Hasan left a successful career in the United States to return to Pakistan, where he had spent his formative years, on a mission to provide affordable health care to low-income workers.

He lived a "clichéd life," he says, with a résumé that includes an MBA from New York University, research work at Harvard Medical School, and a stint as a senior executive at a California-based pharmaceutical company.

"I knew there was much more I could be doing in Pakistan," Hasan says.

By working with insurance companies to spread risk across clusters of low-income workers, who typically earn less than $200 a month, Naya Jeevan opens up high-quality health care to a segment of the population that couldn't afford it before.

Each participant pays in about $1.80 per month.

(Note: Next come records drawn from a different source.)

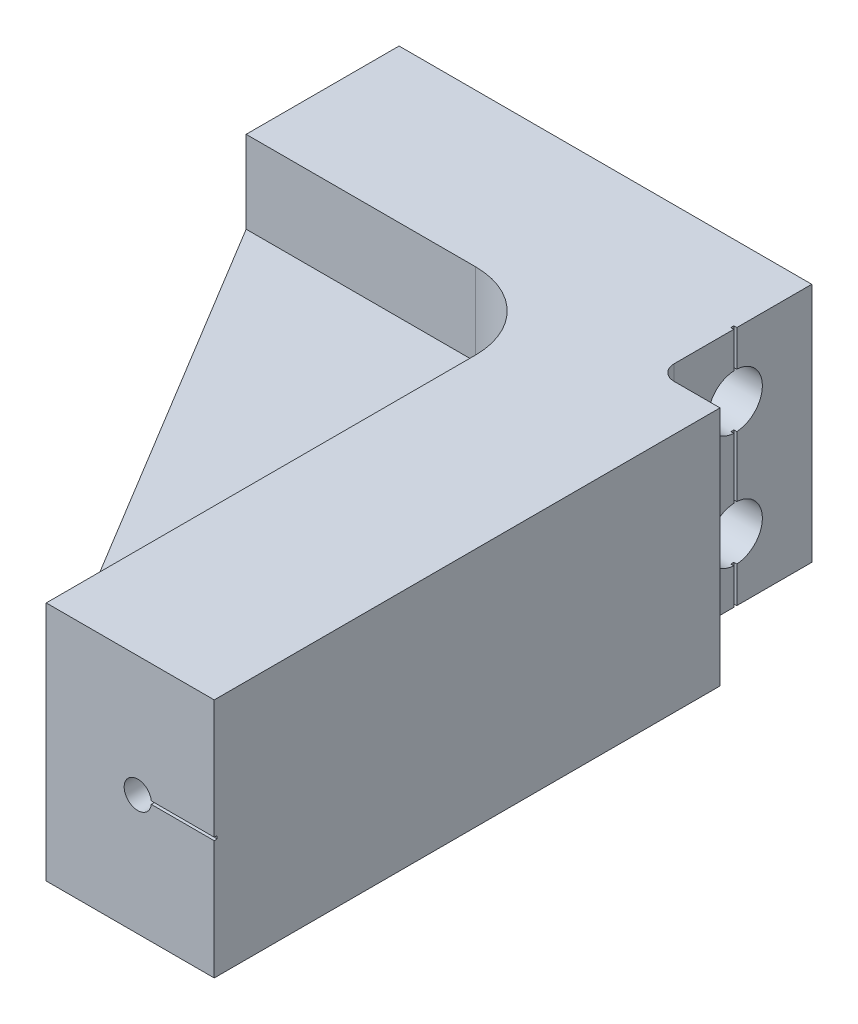
ISO-10303-21;
HEADER;
FILE_DESCRIPTION(('STEP AP214'),'2;1');
FILE_NAME('part.step','',(''),(''),'','','');
FILE_SCHEMA(('AUTOMOTIVE_DESIGN { 1 0 10303 214 1 1 1 1 }'));
ENDSEC;
DATA;
#1=APPLICATION_CONTEXT('core data for automotive mechanical design processes');
#2=APPLICATION_PROTOCOL_DEFINITION('international standard','automotive_design',2000,#1);
#3=PRODUCT_CONTEXT('',#1,'mechanical');
#4=PRODUCT('Part','Part','',(#3));
#5=PRODUCT_RELATED_PRODUCT_CATEGORY('part','',(#4));
#6=PRODUCT_DEFINITION_FORMATION('','',#4);
#7=PRODUCT_DEFINITION_CONTEXT('part definition',#1,'design');
#8=PRODUCT_DEFINITION('design','',#6,#7);
#9=PRODUCT_DEFINITION_SHAPE('','',#8);
#10=(LENGTH_UNIT() NAMED_UNIT(*) SI_UNIT(.MILLI.,.METRE.));
#11=(NAMED_UNIT(*) PLANE_ANGLE_UNIT() SI_UNIT($,.RADIAN.));
#12=(NAMED_UNIT(*) SI_UNIT($,.STERADIAN.) SOLID_ANGLE_UNIT());
#13=UNCERTAINTY_MEASURE_WITH_UNIT(LENGTH_MEASURE(1.E-05),#10,'distance_accuracy_value','');
#14=(GEOMETRIC_REPRESENTATION_CONTEXT(3) GLOBAL_UNCERTAINTY_ASSIGNED_CONTEXT((#13)) GLOBAL_UNIT_ASSIGNED_CONTEXT((#10,
#11,#12)) REPRESENTATION_CONTEXT('',''));
#15=CARTESIAN_POINT('',(0.,0.,0.));
#16=DIRECTION('',(0.,0.,1.));
#17=DIRECTION('',(1.,0.,0.));
#18=AXIS2_PLACEMENT_3D('',#15,#16,#17);
#19=CARTESIAN_POINT('',(10.3,10.,54.6999999999998));
#20=DIRECTION('',(1.,0.,0.));
#21=DIRECTION('',(0.,0.,-0.999999999999998));
#22=AXIS2_PLACEMENT_3D('',#19,#20,#21);
#23=PLANE('',#22);
#24=DIRECTION('',(0.,0.,-0.999999999999998));
#25=VECTOR('',#24,1.);
#26=CARTESIAN_POINT('',(10.3,3.175,54.6999999999998));
#27=LINE('',#26,#25);
#28=CARTESIAN_POINT('',(10.3,3.175,54.6999999999998));
#29=VERTEX_POINT('',#28);
#30=CARTESIAN_POINT('',(10.3,3.175,19.0499999999999));
#31=VERTEX_POINT('',#30);
#32=EDGE_CURVE('E323',#29,#31,#27,.T.);
#33=ORIENTED_EDGE('',*,*,#32,.F.);
#34=DIRECTION('',(0.,-1.,0.));
#35=VECTOR('',#34,1.);
#36=CARTESIAN_POINT('',(10.3,10.,54.6999999999998));
#37=LINE('',#36,#35);
#38=CARTESIAN_POINT('',(10.3,10.,54.6999999999998));
#39=VERTEX_POINT('',#38);
#40=EDGE_CURVE('E457',#39,#29,#37,.T.);
#41=ORIENTED_EDGE('',*,*,#40,.F.);
#42=DIRECTION('',(0.,0.,0.999999999999998));
#43=VECTOR('',#42,1.);
#44=CARTESIAN_POINT('',(10.3,10.,54.6999999999998));
#45=LINE('',#44,#43);
#46=CARTESIAN_POINT('',(10.3,10.,19.0499999999999));
#47=VERTEX_POINT('',#46);
#48=EDGE_CURVE('E453',#47,#39,#45,.T.);
#49=ORIENTED_EDGE('',*,*,#48,.F.);
#50=DIRECTION('',(0.,-1.,0.));
#51=VECTOR('',#50,1.);
#52=CARTESIAN_POINT('',(10.3,10.,19.0499999999999));
#53=LINE('',#52,#51);
#54=EDGE_CURVE('E462',#47,#31,#53,.T.);
#55=ORIENTED_EDGE('',*,*,#54,.T.);
#56=EDGE_LOOP('',(#33,#41,#49,#55));
#57=FACE_BOUND('',#56,.T.);
#58=ADVANCED_FACE('F35',(#57),#23,.F.);
#59=CARTESIAN_POINT('',(3.95,10.,19.0499999999999));
#60=DIRECTION('',(0.,-1.,0.));
#61=DIRECTION('',(0.,0.,-0.999999999999998));
#62=AXIS2_PLACEMENT_3D('',#59,#60,#61);
#63=CYLINDRICAL_SURFACE('',#62,6.35);
#64=CARTESIAN_POINT('',(3.95000000000001,3.175,19.0499999999999));
#65=DIRECTION('',(0.,-1.,0.));
#66=DIRECTION('',(0.,0.,-0.999999999999998));
#67=AXIS2_PLACEMENT_3D('',#64,#65,#66);
#68=CIRCLE('',#67,6.35);
#69=CARTESIAN_POINT('',(3.95000000000001,3.175,12.7));
#70=VERTEX_POINT('',#69);
#71=EDGE_CURVE('E333',#31,#70,#68,.F.);
#72=ORIENTED_EDGE('',*,*,#71,.F.);
#73=ORIENTED_EDGE('',*,*,#54,.F.);
#74=CARTESIAN_POINT('',(3.95,10.,19.0499999999999));
#75=DIRECTION('',(0.,-1.,0.));
#76=DIRECTION('',(0.,0.,-0.999999999999998));
#77=AXIS2_PLACEMENT_3D('',#74,#75,#76);
#78=CIRCLE('',#77,6.35);
#79=CARTESIAN_POINT('',(3.95,10.,12.7));
#80=VERTEX_POINT('',#79);
#81=EDGE_CURVE('E450',#80,#47,#78,.T.);
#82=ORIENTED_EDGE('',*,*,#81,.F.);
#83=DIRECTION('',(0.,-1.,0.));
#84=VECTOR('',#83,1.);
#85=CARTESIAN_POINT('',(3.95,10.,12.7));
#86=LINE('',#85,#84);
#87=EDGE_CURVE('E466',#80,#70,#86,.T.);
#88=ORIENTED_EDGE('',*,*,#87,.T.);
#89=EDGE_LOOP('',(#72,#73,#82,#88));
#90=FACE_BOUND('',#89,.T.);
#91=ADVANCED_FACE('F484',(#90),#63,.F.);
#92=CARTESIAN_POINT('',(0.,10.,12.7));
#93=DIRECTION('',(0.,0.,-0.999999999999998));
#94=DIRECTION('',(-1.,0.,0.));
#95=AXIS2_PLACEMENT_3D('',#92,#93,#94);
#96=PLANE('',#95);
#97=DIRECTION('',(-1.,0.,0.));
#98=VECTOR('',#97,1.);
#99=CARTESIAN_POINT('',(10.3,3.175,12.7));
#100=LINE('',#99,#98);
#101=CARTESIAN_POINT('',(-15.1,3.175,12.7));
#102=VERTEX_POINT('',#101);
#103=EDGE_CURVE('E320',#70,#102,#100,.T.);
#104=ORIENTED_EDGE('',*,*,#103,.F.);
#105=ORIENTED_EDGE('',*,*,#87,.F.);
#106=DIRECTION('',(1.,0.,0.));
#107=VECTOR('',#106,1.);
#108=CARTESIAN_POINT('',(0.,10.,12.7));
#109=LINE('',#108,#107);
#110=CARTESIAN_POINT('',(-15.1,10.,12.7));
#111=VERTEX_POINT('',#110);
#112=EDGE_CURVE('E447',#111,#80,#109,.T.);
#113=ORIENTED_EDGE('',*,*,#112,.F.);
#114=DIRECTION('',(0.,1.,0.));
#115=VECTOR('',#114,1.);
#116=CARTESIAN_POINT('',(-15.1,-10.,12.7));
#117=LINE('',#116,#115);
#118=EDGE_CURVE('E431',#102,#111,#117,.T.);
#119=ORIENTED_EDGE('',*,*,#118,.F.);
#120=EDGE_LOOP('',(#104,#105,#113,#119));
#121=FACE_BOUND('',#120,.T.);
#122=ADVANCED_FACE('F487',(#121),#96,.F.);
#123=CARTESIAN_POINT('',(19.17,-10.,12.7));
#124=DIRECTION('',(1.,0.,0.));
#125=DIRECTION('',(0.,0.,-0.999999999999998));
#126=AXIS2_PLACEMENT_3D('',#123,#124,#125);
#127=PLANE('',#126);
#128=DIRECTION('',(0.,-1.,0.));
#129=VECTOR('',#128,1.);
#130=CARTESIAN_POINT('',(19.17,10.,6.475));
#131=LINE('',#130,#129);
#132=CARTESIAN_POINT('',(19.17,10.,6.475));
#133=VERTEX_POINT('',#132);
#134=CARTESIAN_POINT('',(19.17,7.00692184314802,6.475));
#135=VERTEX_POINT('',#134);
#136=EDGE_CURVE('E335',#133,#135,#131,.T.);
#137=ORIENTED_EDGE('',*,*,#136,.F.);
#138=DIRECTION('',(0.,0.,0.999999999999998));
#139=VECTOR('',#138,1.);
#140=CARTESIAN_POINT('',(19.17,10.,12.7));
#141=LINE('',#140,#139);
#142=CARTESIAN_POINT('',(19.17,10.,11.43));
#143=VERTEX_POINT('',#142);
#144=EDGE_CURVE('E404',#133,#143,#141,.T.);
#145=ORIENTED_EDGE('',*,*,#144,.T.);
#146=DIRECTION('',(0.,-1.,0.));
#147=VECTOR('',#146,1.);
#148=CARTESIAN_POINT('',(19.17,-10.,11.43));
#149=LINE('',#148,#147);
#150=CARTESIAN_POINT('',(19.17,-10.,11.43));
#151=VERTEX_POINT('',#150);
#152=EDGE_CURVE('E274',#143,#151,#149,.T.);
#153=ORIENTED_EDGE('',*,*,#152,.T.);
#154=DIRECTION('',(0.,0.,-0.999999999999998));
#155=VECTOR('',#154,1.);
#156=CARTESIAN_POINT('',(19.17,-10.,12.7));
#157=LINE('',#156,#155);
#158=CARTESIAN_POINT('',(19.17,-10.,6.47499999999999));
#159=VERTEX_POINT('',#158);
#160=EDGE_CURVE('E399',#151,#159,#157,.T.);
#161=ORIENTED_EDGE('',*,*,#160,.T.);
#162=DIRECTION('',(0.,-1.,0.));
#163=VECTOR('',#162,1.);
#164=CARTESIAN_POINT('',(19.17,-10.,6.47499999999999));
#165=LINE('',#164,#163);
#166=CARTESIAN_POINT('',(19.17,-7.00692184314802,6.47499999999999));
#167=VERTEX_POINT('',#166);
#168=EDGE_CURVE('E292',#167,#159,#165,.T.);
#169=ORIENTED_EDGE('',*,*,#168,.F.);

The maximum catastrophic payout is $1,800 per year – the average cost of heart bypass surgery at a good private hospital in Pakistan, Hasan says.

That low monthly premium, which he calculates as roughly 2.1 percent of the monthly income of the working poor, as well as the absence of deductibles and copayments, is "commendable," says Farasat Bokhari, a Pakistani-American health economist at King's College in London.

"More impressive is the fact that they have contracts with a large number of private hospitals, which are presumably of higher quality compared with the public hospitals, which are severely underfunded," Mr. Bokhari says.